Leonardo DiCaprio hits the road running. He is the chameleon whom we can’t differentiate from Belfort as he strikes at the heart of the role giving it his all. There is nothing caricature about this. He becomes the character so much so that his excesses are no longer something to wonder about, it is just who he is.

Jordan changes his first wife Teresa (Cristin Milioti) as he would his old car and old life; he trades her for a newer fresher and more beautiful model with nary a look as she weeps fading away from our screens. Naomi, beautiful, voluptuous and willing to be his fantasy and go the extra step but it is not enough as he pushes himself further and further. His cravings have the lead and they drive him to seek satisfaction from even more debauchery.

The Wolf of Wall Street (directed by Martin Scorsese) is shocking in its decadence; naked grinding women and men become so common place they barely need a glance from the audience. Jordan and his clones are perpetually on a high from a cocktail of prescription drugs and hard drugs, they float on clouds from where they pluck witty comments by the dozen.

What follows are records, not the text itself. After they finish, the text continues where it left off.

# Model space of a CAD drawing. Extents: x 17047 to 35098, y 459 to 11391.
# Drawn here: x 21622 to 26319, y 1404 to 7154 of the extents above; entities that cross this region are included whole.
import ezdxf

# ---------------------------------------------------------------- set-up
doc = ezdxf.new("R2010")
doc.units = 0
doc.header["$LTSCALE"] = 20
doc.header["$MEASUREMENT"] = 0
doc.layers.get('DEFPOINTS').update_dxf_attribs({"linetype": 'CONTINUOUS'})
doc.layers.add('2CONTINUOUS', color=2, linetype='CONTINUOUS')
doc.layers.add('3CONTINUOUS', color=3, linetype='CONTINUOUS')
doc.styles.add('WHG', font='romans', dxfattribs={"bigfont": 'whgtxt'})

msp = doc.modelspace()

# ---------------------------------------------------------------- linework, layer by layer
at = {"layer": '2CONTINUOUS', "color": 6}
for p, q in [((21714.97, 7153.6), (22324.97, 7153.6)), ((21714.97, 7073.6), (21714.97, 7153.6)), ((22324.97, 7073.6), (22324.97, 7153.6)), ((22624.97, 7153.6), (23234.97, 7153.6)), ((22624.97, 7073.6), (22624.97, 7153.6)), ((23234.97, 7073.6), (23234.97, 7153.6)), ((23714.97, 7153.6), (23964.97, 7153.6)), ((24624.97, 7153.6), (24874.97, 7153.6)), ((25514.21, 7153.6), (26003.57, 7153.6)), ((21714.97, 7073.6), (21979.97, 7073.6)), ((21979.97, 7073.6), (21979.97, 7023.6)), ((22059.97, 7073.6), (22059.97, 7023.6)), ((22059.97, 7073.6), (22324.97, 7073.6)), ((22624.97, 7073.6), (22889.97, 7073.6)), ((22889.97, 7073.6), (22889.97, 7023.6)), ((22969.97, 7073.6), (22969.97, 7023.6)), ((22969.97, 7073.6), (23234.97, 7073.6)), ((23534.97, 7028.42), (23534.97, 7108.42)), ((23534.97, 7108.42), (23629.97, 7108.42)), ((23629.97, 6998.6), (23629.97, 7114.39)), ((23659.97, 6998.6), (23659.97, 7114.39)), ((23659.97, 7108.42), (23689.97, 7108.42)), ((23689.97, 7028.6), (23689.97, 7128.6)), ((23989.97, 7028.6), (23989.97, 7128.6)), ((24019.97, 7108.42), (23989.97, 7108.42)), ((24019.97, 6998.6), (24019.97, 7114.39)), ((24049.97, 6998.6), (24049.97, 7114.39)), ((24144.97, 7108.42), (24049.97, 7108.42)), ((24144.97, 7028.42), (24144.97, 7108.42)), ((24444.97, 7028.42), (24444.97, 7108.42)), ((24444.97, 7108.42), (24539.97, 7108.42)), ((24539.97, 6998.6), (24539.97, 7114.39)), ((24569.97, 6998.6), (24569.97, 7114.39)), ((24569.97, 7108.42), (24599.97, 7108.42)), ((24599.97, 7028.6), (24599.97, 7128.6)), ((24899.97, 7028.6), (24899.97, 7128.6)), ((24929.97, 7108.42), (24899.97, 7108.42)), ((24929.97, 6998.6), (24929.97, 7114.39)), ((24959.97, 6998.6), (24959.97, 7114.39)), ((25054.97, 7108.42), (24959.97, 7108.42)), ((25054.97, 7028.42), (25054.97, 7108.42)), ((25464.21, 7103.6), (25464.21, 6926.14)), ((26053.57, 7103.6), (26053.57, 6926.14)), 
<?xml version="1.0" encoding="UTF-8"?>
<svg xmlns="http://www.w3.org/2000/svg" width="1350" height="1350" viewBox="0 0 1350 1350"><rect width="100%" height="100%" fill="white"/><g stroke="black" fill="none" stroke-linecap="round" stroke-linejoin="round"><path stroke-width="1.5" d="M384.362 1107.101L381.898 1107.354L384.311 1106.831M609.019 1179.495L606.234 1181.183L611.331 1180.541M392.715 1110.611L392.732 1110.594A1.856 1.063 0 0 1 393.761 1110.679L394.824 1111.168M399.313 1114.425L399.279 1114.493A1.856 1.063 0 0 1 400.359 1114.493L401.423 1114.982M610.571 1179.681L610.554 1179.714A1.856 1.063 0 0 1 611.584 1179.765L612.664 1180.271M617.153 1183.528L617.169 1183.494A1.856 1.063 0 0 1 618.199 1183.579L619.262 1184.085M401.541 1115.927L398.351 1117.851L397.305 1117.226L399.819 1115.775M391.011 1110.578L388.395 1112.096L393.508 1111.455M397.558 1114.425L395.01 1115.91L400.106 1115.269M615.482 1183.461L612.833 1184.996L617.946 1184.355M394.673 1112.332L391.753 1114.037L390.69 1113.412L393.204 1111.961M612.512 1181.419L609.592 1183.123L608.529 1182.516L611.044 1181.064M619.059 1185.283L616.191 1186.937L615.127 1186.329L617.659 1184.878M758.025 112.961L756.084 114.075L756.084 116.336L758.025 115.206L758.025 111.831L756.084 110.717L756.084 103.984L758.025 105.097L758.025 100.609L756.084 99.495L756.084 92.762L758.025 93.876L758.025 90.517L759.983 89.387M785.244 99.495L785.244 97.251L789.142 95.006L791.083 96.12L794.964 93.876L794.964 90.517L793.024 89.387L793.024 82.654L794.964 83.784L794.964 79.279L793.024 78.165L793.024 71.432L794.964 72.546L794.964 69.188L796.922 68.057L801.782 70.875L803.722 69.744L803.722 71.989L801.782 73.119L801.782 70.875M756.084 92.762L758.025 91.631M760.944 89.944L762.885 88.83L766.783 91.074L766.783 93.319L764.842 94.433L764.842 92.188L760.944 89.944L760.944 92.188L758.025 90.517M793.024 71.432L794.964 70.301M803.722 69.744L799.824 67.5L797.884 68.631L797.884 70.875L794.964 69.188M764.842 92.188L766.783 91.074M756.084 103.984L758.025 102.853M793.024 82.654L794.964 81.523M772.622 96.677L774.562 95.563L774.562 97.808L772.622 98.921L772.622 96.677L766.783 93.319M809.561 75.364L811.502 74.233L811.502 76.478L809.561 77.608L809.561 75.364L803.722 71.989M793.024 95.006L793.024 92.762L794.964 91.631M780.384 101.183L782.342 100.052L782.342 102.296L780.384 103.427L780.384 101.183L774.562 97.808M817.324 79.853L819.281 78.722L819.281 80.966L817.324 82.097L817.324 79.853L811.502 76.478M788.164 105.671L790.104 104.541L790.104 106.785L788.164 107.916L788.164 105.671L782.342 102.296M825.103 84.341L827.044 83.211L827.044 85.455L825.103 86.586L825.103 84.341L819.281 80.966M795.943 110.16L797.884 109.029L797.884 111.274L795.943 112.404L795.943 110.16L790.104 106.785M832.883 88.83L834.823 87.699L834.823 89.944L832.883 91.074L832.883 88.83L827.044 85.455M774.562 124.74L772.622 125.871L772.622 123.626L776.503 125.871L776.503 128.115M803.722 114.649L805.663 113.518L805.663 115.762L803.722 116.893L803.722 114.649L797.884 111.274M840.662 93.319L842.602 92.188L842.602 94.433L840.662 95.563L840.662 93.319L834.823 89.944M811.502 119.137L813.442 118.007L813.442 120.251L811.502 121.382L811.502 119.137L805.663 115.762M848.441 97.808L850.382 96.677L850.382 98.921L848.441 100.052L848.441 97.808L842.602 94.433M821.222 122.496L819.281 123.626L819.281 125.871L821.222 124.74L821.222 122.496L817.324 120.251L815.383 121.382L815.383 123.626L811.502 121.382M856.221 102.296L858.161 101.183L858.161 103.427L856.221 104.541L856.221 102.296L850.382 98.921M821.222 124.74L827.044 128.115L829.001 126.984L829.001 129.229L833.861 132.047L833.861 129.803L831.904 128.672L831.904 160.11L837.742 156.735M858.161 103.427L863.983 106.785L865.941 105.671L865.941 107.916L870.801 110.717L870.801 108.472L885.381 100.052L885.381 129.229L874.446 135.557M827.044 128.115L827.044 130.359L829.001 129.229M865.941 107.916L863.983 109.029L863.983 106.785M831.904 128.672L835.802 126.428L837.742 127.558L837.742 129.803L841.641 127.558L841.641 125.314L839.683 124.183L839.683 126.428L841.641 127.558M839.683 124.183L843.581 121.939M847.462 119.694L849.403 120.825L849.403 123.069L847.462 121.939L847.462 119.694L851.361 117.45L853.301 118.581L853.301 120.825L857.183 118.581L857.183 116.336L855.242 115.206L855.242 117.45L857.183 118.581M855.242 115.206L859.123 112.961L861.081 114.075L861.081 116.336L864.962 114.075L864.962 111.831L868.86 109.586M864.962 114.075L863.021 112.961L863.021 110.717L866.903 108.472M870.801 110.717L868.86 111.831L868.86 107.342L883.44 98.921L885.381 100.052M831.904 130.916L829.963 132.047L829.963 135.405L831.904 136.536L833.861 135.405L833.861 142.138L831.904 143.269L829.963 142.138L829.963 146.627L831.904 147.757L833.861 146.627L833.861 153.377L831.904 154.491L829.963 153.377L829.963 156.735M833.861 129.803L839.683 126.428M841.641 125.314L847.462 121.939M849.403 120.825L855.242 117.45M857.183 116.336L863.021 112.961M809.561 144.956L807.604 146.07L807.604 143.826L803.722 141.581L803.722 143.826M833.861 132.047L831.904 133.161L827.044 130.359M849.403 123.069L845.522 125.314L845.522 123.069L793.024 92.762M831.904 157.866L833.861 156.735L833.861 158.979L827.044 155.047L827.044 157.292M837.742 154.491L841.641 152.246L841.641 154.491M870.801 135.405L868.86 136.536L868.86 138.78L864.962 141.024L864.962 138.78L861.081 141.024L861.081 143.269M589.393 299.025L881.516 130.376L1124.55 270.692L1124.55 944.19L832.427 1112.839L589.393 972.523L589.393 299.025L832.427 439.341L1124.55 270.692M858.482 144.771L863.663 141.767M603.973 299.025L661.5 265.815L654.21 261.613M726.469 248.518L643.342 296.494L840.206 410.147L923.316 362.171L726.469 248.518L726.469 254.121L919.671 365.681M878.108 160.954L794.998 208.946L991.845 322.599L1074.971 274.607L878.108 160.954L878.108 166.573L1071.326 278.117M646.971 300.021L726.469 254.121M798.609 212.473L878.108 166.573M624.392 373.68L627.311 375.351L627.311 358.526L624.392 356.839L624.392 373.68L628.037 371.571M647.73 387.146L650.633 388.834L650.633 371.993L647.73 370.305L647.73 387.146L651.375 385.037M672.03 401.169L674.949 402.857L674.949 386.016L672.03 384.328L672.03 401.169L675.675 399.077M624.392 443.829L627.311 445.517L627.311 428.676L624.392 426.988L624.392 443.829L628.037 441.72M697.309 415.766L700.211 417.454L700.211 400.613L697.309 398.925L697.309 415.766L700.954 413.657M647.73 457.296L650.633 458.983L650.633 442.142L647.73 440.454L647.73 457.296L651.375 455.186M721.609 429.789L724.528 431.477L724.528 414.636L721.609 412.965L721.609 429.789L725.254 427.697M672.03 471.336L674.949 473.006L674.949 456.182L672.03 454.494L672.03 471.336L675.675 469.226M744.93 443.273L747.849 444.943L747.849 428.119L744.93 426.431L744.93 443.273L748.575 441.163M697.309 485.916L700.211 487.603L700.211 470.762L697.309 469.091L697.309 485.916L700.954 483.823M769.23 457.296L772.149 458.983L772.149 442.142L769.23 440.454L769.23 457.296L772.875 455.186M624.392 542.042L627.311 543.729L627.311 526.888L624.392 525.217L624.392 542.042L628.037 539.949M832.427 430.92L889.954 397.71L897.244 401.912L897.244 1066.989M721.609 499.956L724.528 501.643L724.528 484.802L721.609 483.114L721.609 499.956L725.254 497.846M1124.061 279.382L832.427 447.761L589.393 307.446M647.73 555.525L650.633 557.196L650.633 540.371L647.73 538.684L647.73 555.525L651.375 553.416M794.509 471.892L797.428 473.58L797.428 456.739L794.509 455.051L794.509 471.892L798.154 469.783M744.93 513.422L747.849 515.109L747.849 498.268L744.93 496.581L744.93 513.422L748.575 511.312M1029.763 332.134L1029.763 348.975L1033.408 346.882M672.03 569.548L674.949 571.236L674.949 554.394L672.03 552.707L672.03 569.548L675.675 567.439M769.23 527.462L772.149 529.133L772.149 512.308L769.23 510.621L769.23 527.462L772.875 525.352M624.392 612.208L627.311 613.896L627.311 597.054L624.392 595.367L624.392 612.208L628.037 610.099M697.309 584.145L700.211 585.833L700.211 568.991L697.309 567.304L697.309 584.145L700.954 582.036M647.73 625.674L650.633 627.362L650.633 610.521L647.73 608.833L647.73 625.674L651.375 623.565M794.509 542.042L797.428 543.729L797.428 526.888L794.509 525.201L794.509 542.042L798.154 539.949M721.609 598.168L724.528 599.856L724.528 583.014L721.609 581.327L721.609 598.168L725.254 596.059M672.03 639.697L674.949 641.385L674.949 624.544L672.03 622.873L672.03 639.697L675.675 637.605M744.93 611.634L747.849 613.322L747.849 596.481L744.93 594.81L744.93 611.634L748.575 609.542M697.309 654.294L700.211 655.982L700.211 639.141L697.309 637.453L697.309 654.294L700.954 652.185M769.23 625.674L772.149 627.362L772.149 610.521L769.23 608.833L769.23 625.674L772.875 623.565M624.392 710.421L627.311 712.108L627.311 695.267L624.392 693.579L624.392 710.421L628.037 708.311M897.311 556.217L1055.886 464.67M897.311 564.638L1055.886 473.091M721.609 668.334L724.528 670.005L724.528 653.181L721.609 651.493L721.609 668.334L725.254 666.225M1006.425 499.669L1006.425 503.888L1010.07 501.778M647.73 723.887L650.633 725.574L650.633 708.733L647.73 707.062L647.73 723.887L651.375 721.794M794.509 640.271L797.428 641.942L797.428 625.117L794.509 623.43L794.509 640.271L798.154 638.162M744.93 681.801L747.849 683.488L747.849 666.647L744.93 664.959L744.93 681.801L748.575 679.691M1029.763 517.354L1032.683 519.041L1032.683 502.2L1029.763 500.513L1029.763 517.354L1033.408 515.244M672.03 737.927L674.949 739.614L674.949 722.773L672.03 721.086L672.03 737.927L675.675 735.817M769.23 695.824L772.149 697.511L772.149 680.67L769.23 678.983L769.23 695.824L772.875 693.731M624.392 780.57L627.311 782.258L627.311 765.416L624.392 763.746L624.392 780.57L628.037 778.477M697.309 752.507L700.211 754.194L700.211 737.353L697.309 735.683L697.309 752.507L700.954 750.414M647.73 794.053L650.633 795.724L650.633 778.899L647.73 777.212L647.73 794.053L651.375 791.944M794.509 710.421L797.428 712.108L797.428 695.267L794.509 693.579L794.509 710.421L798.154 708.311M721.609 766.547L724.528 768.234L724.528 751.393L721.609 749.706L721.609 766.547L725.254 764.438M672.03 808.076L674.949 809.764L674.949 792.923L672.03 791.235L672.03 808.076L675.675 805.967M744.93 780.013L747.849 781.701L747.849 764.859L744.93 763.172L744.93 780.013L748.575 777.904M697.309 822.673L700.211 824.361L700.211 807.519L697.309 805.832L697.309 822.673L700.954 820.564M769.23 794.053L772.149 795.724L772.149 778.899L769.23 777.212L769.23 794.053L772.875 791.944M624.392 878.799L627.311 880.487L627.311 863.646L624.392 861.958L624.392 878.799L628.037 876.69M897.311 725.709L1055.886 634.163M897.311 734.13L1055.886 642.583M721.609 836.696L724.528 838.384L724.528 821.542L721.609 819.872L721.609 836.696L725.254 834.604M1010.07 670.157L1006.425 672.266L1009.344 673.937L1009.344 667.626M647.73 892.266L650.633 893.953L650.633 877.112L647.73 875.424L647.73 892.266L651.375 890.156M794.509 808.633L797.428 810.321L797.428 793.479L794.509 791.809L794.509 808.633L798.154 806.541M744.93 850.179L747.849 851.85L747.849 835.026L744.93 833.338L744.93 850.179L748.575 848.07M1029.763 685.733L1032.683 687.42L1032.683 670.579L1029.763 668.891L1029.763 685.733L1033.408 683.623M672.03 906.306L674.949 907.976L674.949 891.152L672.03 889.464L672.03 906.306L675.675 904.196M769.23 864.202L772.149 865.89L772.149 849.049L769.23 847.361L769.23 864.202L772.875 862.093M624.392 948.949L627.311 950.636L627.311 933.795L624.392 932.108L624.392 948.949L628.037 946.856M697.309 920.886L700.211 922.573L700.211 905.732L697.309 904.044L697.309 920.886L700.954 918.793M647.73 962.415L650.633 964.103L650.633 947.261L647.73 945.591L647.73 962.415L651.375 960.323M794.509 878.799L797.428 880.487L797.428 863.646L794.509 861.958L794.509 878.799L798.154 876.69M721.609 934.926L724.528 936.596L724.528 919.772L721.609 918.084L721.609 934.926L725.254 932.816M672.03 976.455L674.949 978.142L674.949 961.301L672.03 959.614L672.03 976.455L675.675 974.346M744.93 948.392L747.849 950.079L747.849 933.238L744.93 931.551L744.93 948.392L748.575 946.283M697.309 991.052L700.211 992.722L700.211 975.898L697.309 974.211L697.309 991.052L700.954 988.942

Jordan’s charm lie in his ability to sell stocks not only to investors but in his ability to sell his vision first to his friends beginning with Donnie Azoff (Jonah Hill) and then to a teeming army of passionate near worshipping salesmen; scratch that, parishioners.

When he stands before his audience, he is like a preacher whose intense belief in the rightness of his cause begins to inspire. He is charismatic, and funny and handsome. He ‘preaches’ with a passion so intense it appears to rival the orgasms from their many orgies, the ‘congregation’ trashes about on the throes of a high so infectious from their benevolent ‘saviour’ they remain hooked as they rake in their successes.

He is himself the proud husband who gifts his new wife Naomi Lapaglia (Margot Robbie) a yacht with a landing pad, a helicopter sits daintily on top.

When an investigation into his activities by FBI Agent Patrick Denham (Kyle Chandler) comes to light, he is nervous but yet arrogant. He belittles the agent’s poor wages and mocks his respectable normal life. His undoing is his greatest strength; his addiction to his vision. He simply cannot let go and when the steam train crashes, Jordan lies in a heap crafted with his own hands. He loses everything, every material thing. Except his gift of gab, his ability to sell and to inspire a following. He fades from the scene and sits a shadow of the former lusty Wolf astride his empire; he is a shadow that lurks as the movie ends, a fool and his money are soon parted.

The Wolf of Wall Street is audacious; it pulls no punches celebrating the lead character as an enigma, and although the victims are a part of the narrative, they are weak and hidden from view. When Jordan Belfort gets his comeuppance, they are but an afterthought, eaten and spat by the Predator and the storyteller.